In Arkansas, the time limit for collecting on (enforcing) an already-entered judgment is generally treated as a 6-year enforcement window using the general/default period.
Key point (important): Based on the jurisdiction data provided, no claim-type-specific sub-rule was found for Arkansas judgment enforcement. That means you should treat the general 6-year period as the baseline enforcement rule for this specific question (“How long can creditors enforce a judgment in Arkansas?”). If a court or statute applies a different rule due to a particular judgment category or procedural posture, that would be outside this general default.
A practical way to think about it:
- This is about enforcement of an existing judgment, not the time limit to initially file a lawsuit.
- The “enforcement clock” you’re trying to measure is tied to whether the creditor can still pursue collection actions that depend on the judgment being enforceable.
Warning: This overview focuses on a general/default enforcement period and is not legal advice. Judgment enforcement timelines can also be affected by case-specific procedural events (for example, renewals or stays).
Citations
The general/default enforcement period used for this DocketMath-style calculation is:
- Ark. Code Ann. § 5-1-109(b)(2) — provides a 6-year general/default period (as reflected in the jurisdiction data provided).

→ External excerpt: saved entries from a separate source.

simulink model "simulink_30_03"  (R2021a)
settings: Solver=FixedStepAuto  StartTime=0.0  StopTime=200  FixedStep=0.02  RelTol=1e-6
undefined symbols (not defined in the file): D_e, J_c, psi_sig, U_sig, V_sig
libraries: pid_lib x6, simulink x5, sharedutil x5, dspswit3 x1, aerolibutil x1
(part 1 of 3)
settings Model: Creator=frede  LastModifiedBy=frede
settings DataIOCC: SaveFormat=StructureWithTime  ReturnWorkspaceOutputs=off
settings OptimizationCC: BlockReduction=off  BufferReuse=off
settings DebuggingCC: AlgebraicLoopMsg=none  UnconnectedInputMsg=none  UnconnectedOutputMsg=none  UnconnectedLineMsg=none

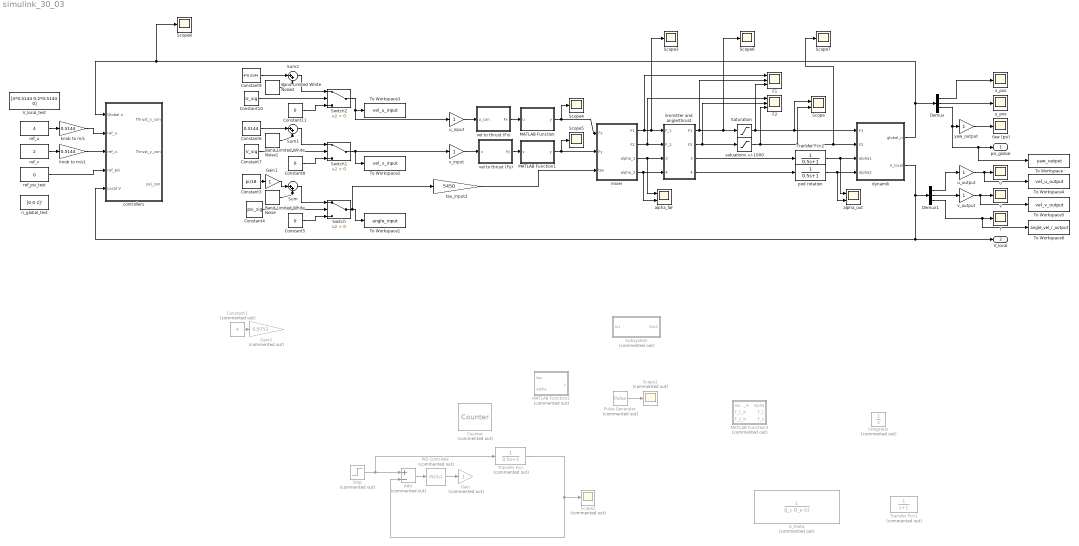
== system simulink_30_03 ==
  Add : Sum  Commented=on  Inputs=+-
  Band-Limited White Noise : simulink/Sources/Band-Limited White Noise  Cov=[0.01]  Ts=0.1  seed=[23341]
  Band-Limited White Noise1 : simulink/Sources/Band-Limited White Noise  Cov=[0.01]  Ts=0.1  seed=[23341]
  Band-Limited White Noise2 : simulink/Sources/Band-Limited White Noise  Cov=[0.01]  Ts=0.1  seed=[23341]
  Constant1 : Constant  Commented=on  Value=4
  Constant10 : Constant  Value=U_sig
  Constant11 : Constant  Value=0
  Constant3 : Constant  Value=pi/18
  Constant4 : Constant  Value=psi_sig
  Constant5 : Constant  Value=0
  Constant6 : Constant  Value=0.5144
  Constant7 : Constant  Value=V_sig
  Constant8 : Constant  Value=0
  Constant9 : Constant  Value=4*0.5144
  Counter : dspswit3/Counter  Commented=on  Direction=Up  CountEvent=Rising edge  CounterSize=User defined  MaxCount=500  InitialCount=0  Output=Count and Hit  HitValue=32  ResetInput=on  SamplesPerFrame=1  Ts=1  CntDtype=double  HitDtype=Logical
  Demux : Demux  Outputs=3
  Demux1 : Demux  Outputs=3
  F1 : Scope  NumInputPorts=3
  F2 : Scope  NumInputPorts=3
  G_theta : TransferFcn  Commented=on  Denominator=[J_c D_e 0]
  Gain : Gain  Commented=on
  Gain1 : Gain
  Gain3 : Gain  Commented=on  Gain=0.9752
  Integrator : Integrator  Commented=on
  MATLAB Function : MATLAB Function  TreatAsAtomicUnit=on
  MATLAB Function1 : MATLAB Function  TreatAsAtomicUnit=on
  MATLAB Function2 : MATLAB Function  Commented=on  TreatAsAtomicUnit=on
  MATLAB Function3 : MATLAB Function  Commented=on  TreatAsAtomicUnit=on
  PID Controller : pid_lib/PID Controller  Commented=on  Controller=PID  Form=Parallel  TimeDomain=Continuous-time  UseExternalTs=off  SampleTime=-1  IntegratorMethod=Forward Euler  FilterMethod=Forward Euler  ControllerParametersSource=internal  P=1.8562414179979  I=1.03694595494162  D=-0.170611805707441  UseFilter=on  N=7.0571761358123  TunerSelectOption=Transfer Function Based (PID Tuner App)  InitialConditionSource=internal  InitialConditionForIntegrator=0  InitialConditionForFilter=0  DifferentiatorICPrevScaledInput=0  ExternalReset=none  TrackingMode=off  Kt=1  LimitOutput=off  SatLimitsSource=internal  UpperSaturationLimit=inf  LowerSaturationLimit=-inf  LinearizeAsGain=on  AntiWindupMode=none  Kb=1  POutMin=[]  POutMax=[]  IOutMin=[]  IOutMax=[]  DOutMin=[]  DOutMax=[]  NOutMin=[]  NOutMax=[]  SumOutMin=[]  SumOutMax=[]  SaturationOutMin=[]  SaturationOutMax=[]  PParamMin=[]  PParamMax=[]  IParamMin=[]  IParamMax=[]  DParamMin=[]  DParamMax=[]  NParamMin=[]  NParamMax=[]  KbParamMin=[]  KbParamMax=[]  KtParamMin=[]  KtParamMax=[]  KbOutMin=[]  KbOutMax=[]  KtOutMin=[]  KtOutMax=[]  IntegratorOutMin=[]  IntegratorOutMax=[]  FilterOutMin=[]  FilterOutMax=[]  SumI1OutMin=[]  SumI1OutMax=[]  SumI2OutMin=[]  SumI2OutMax=[]  SumI3OutMin=[]  SumI3OutMax=[]  SumI4OutMin=[]  SumI4OutMax=[]  SumDOutMin=[]  SumDOutMax=[]  DifferentiatorOutMin=[]  DifferentiatorOutMax=[]  FilterDiffOutCoefMin=[]  FilterDiffOutCoefMax=[]  ReciprocalOutMin=[]  ReciprocalOutMax=[]  SumDenOutMin=[]  SumDenOutMax=[]  SumNumOutMin=[]  SumNumOutMax=[]  DivideOutMin=[]  DivideOutMax=[]  UdiffTsProdOutMin=[]  UdiffTsProdOutMax=[]  NTsProdOutMin=[]  NTsProdOutMax=[]  UintegralTsProdOutMin=[]  UintegralTsProdOutMax=[]  UngainTsProdOutMin=[]  UngainTsProdOutMax=[]  IntegratorContinuousStateAttributes=''  IntegratorStateMustResolveToSignalObject=off  IntegratorRTWStateStorageClass=Auto  FilterContinuousStateAttributes=''  FilterStateMustResolveToSignalObject=off  FilterRTWStateStorageClass=Auto  ParallelPVariant=InternalParameters  IdealPVariant=Disabled  IVariant=InternalParameters  DVariant=InternalParameters  IntegratorVariant=Continuous  SatVariant=Disabled  AWVariant=Passthrough  PCopyVariant=Disabled  TRVariant=Disabled  FdbkBlocksVariant=Forward  IdealPFdbkVariant=Disabled  SatFdbkVariant=Disabled  DerivativeFilterVariant=ContFilter  NVariant=InternalParameters  NCopyVariant=Disabled  FilterICVariant=InternalICsFilter  IntegratorICVariant=InternalICs  ExternalResetVariant=Disabled  TRSumVariant=Passthrough  SumFdbkVariant=Disabled  SumVariant=Sum_PID  TsampFilterVariant=InternalTs  TsampNgainVariant=Passthrough  TsampIntegralVariant=Passthrough  ExternalSaturationOutDataTypeStr=Inherit: Same as second input
  Pulse Generator : DiscretePulseGenerator  Commented=on  PulseType=Time based  Period=0.02222  PulseWidth=5
  Saturation : Saturate  UpperLimit=1000  LowerLimit=-1000
  Scope : Scope  NumInputPorts=2
  Scope1 : Scope  Commented=on
  Scope2 : Scope  Commented=on
  Scope{3..8} (6 alike) : Scope
  Step : Step  Commented=on  Time=0  After=0.78  SampleTime=0
  Subsystem : Subsystem  Commented=on
  Sum : Sum  Inputs=|++
  Sum1 : Sum  Inputs=|++
  Sum2 : Sum  Inputs=|++
  Switch : Switch  Criteria=u2 > Threshold
  Switch1 : Switch  Criteria=u2 > Threshold
  Switch2 : Switch  Criteria=u2 > Threshold
  To Workspace : ToWorkspace  VariableName=yaw_output  SaveFormat=Timeseries  SampleTime=-1
  To Workspace1 : ToWorkspace  VariableName=angle_input  SaveFormat=Timeseries  SampleTime=-1
  To Workspace2 : ToWorkspace  VariableName=vel_v_input  SaveFormat=Timeseries  SampleTime=-1
  To Workspace3 : ToWorkspace  VariableName=vel_u_input  SaveFormat=Timeseries  SampleTime=-1
  To Workspace4 : ToWorkspace  VariableName=vel_u_output  SaveFormat=Timeseries  SampleTime=-1
  To Workspace5 : ToWorkspace  VariableName=vel_v_output  SaveFormat=Timeseries  SampleTime=-1
  To Workspace6 : ToWorkspace  VariableName=angle_vel_r_output  SaveFormat=Timeseries  SampleTime=-1
  Transfer Fcn : TransferFcn  Commented=on  Denominator=[0.5 1]
  Transfer Fcn1 : TransferFcn  Commented=on  Denominator=[1 1]
  Transfer Fcn2 : TransferFcn  Denominator=[0.5 1]
  V_local_test : Constant  Value=[4*0.5144 0.2*0.5144 0]
  Yaw (psi) : Scope
  alpha_før : Scope  NumInputPorts=2
  alpha_out : Scope  NumInputPorts=2
  controllers : Subsystem
  dynamik : Subsystem
  knob to m/s : Gain  Gain=0.5144
  knob to m/s1 : Gain  Gain=0.5144
  "limmitter and angle/thrust " : MATLAB Function  TreatAsAtomicUnit=on
  mixer : Subsystem
  n_global_test : Constant  Value=[0 0 2]'
  pod rotation : TransferFcn  Denominator=[0.5 1]
  r : Scope
  ref_psi_test : Constant  Value=0
  ref_u : Constant  Value=4
  ref_v : Constant  Value=2
  "satuations +/-1000 " : Saturate  UpperLimit=1000  LowerLimit=-1000
  tau_input2 : Gain  Gain=5450
  u : Scope
  u_input : Gain
  u_output : Gain
  v : Scope
  v_input : Gain
  v_output : Gain
  vel to thrust (Fx) : MATLAB Function  TreatAsAtomicUnit=on
  vel to thrust (Fy) : MATLAB Function  TreatAsAtomicUnit=on
  x_pos : Scope
  y_pos : Scope
  yaw_output : Gain
  psi_global : Outport
  V_local : Outport  Port=2
  wires:
  yaw_output/1 -> Yaw (psi)/1
  Pulse Generator/1 -> Scope1/1
  ref_v/1 -> knob to m/s1/1
  v_output/1 -> To Workspace5/1, v/1
  tau_input2/1 -> mixer/3(tau)
  Demux/2 -> y_pos/1
  ref_u/1 -> knob to m/s/1
  vel to thrust (Fy)/1(Fy) -> MATLAB Function1/1(v)
  ref_psi_test/1 -> controllers/4(ref_psi.)
  Demux1/2 -> v_output/1
  knob to m/s/1 -> controllers/2(ref_u.)
  knob to m/s1/1 -> controllers/3(ref_v.)
  Demux1/1 -> u_output/1
  Sum/1 -> Switch/1
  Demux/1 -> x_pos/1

Because the provided data did not identify a claim-type-specific sub-rule for judgment enforcement, the calculation below uses the general/default 6-year rule unless a clearly different statute applies based on the facts of the case.
Use the calculator
Use DocketMath’s statute-of-limitations tool to estimate the enforcement deadline date based on the judgment entry date.
Primary CTA: /tools/statute-of-limitations
Run the Statute Of Limitations calculation in DocketMath, then save the output so it can be audited later: Open the calculator.
1) Inputs you provide to DocketMath
Enter the following:
- Judgment entry date (YYYY-MM-DD): the date the judgment was entered by the court
- Jurisdiction: **Arkansas (US-AR)
- Enforcement rule: general/default 6 years under **Ark. Code Ann. § 5-1-109(b)(2)
2) Output you get from DocketMath
DocketMath will compute:
- Enforcement period end date: “judgment entry date + 6 years”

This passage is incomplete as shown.